My biggest surprise was seeing Orcas in the Bay of Bengal one November in 1999. I was returning to the mainland for a short holiday, and saw large fins shearing the water’s surface and moving perpendicular to the ships path at dusk on our second day at sea. Only when I saw the large flipper of one of the males in the pod did I realize they were Killer whales. Seeing a sperm whale spouting into the sky at sea was very different from an occasion when an adult made its way into Port Blair harbor getting stuck and confused for two whole days until it oriented itself seaward and to freedom. Underwater life while snorkeling is another dreamy world of colour, grace and shapes as you glide above the reef peering through the confines of a mask. What’s seen on the surface is usually fleeting, ephemeral, and all about luck. I realized I was lucky to have seen these and more. I was safe from the ravaging cockroaches for now, and I turned myself to sleep.

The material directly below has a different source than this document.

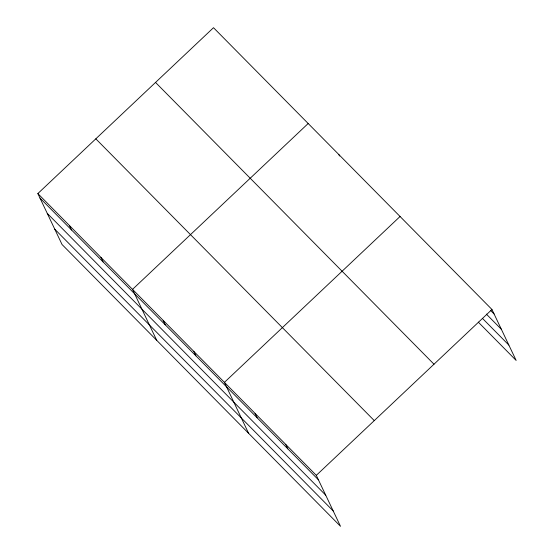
<?xml version="1.0" encoding="UTF-8"?>
<svg xmlns="http://www.w3.org/2000/svg" width="554" height="554" viewBox="0 0 554 554"><rect width="100%" height="100%" fill="white"/><g stroke="black" fill="none" stroke-linecap="round" stroke-linejoin="round"><path stroke-width="0.83" d="M37.852 193.568L316.306 475.353L340.502 526.3L62.041 244.515L37.852 193.568L213.498 27.7L491.959 309.485L516.148 360.432L478.31 322.144M308.176 123.507L132.524 289.375L156.72 340.322M400.064 216.496L224.418 382.364L248.607 433.311M316.306 475.353L491.959 309.485M490.477 310.309L494.078 313.952M486.35 314.097L501.363 329.291M482.437 318.349L508.863 345.094M155.535 82.435L433.997 364.22M95.814 138.832L374.275 420.618M39.971 198.034L318.432 479.819M47.256 213.373L325.71 495.158M54.763 229.176L333.217 510.961M338.806 154.504L339.512 155.993M285.677 444.356L287.803 448.823M255.048 413.36L257.167 417.827M193.789 351.368L195.908 355.834M163.16 320.371L165.279 324.838M100.967 257.437L103.092 261.91M69.409 225.506L71.528 229.972"/></g></svg>

It was the 25th and I woke up to a beautiful early morning sky tinged orange and blue with a slight but cool breeze. The nurses and hospital staff were still asleep and I had my early morning peace. I sat up cross legged on my prop like crow’s nest, blinking myself awake. The silhouettes of the Andaman Islands were coming into view through the early morning haze. The ship heaved and pitched over a lazy swell taking us closer to urban Port Blair. I reflected on the short visit to my field sites, knowing that it could be a while before I got back again. I idealistically hoped that things would change in the Nicobar Islands and that life wouldn’t be lived on the grasslands forever. My ideal is the beach. Then my eye caught sight of a being below. Just a few yards away from the ship, a huge grey brown shape appeared on the surface, moving in an opposite direction alongside. I thought ‘shark’! but ….in a few seconds, I saw its flat tail and a rounded head that could belong to only one creature- a dugong! It drifted by without a care, being heaved by the swell of the sea and carried on a current past the ship’s wake. A few seconds more and it was gone. The early morning sun reflected off the sea’s surface obscuring any further view. This was it then! Hark the herald O angels! This was a beautiful and rare sight-and a total surprise. An obese but graceful animal that is rare to see was my sight of that morning. I smiled to myself; In the Andaman’s, as in other areas, dugongs are called ‘sea pigs’…nothing close to the notion of being mermaids of the sea, but certainly a lot better than those pigs on the wing. In retrospect those pigs on the wing were the reason I got to see the fat mermaid at the gates of dawn-yet another sight to remember!

The combination of ideas in this account may seem strange (the account is true by the way), but when I wrote them out, I realized that I happen to have a fancy for ‘living in the past’, and have lamented on the changes in lifestyle among the Nicobar Islanders. I do not turn back from that lament, but look forward to the surprises that lie ahead. Through my field research I have come across many instances of resilience among many friends and others islanders I meet. As every turn along the beach can turn up surprises, I do acknowledge that social and ecological processes do take unexpected turns-sometimes churning up beautiful versions of change.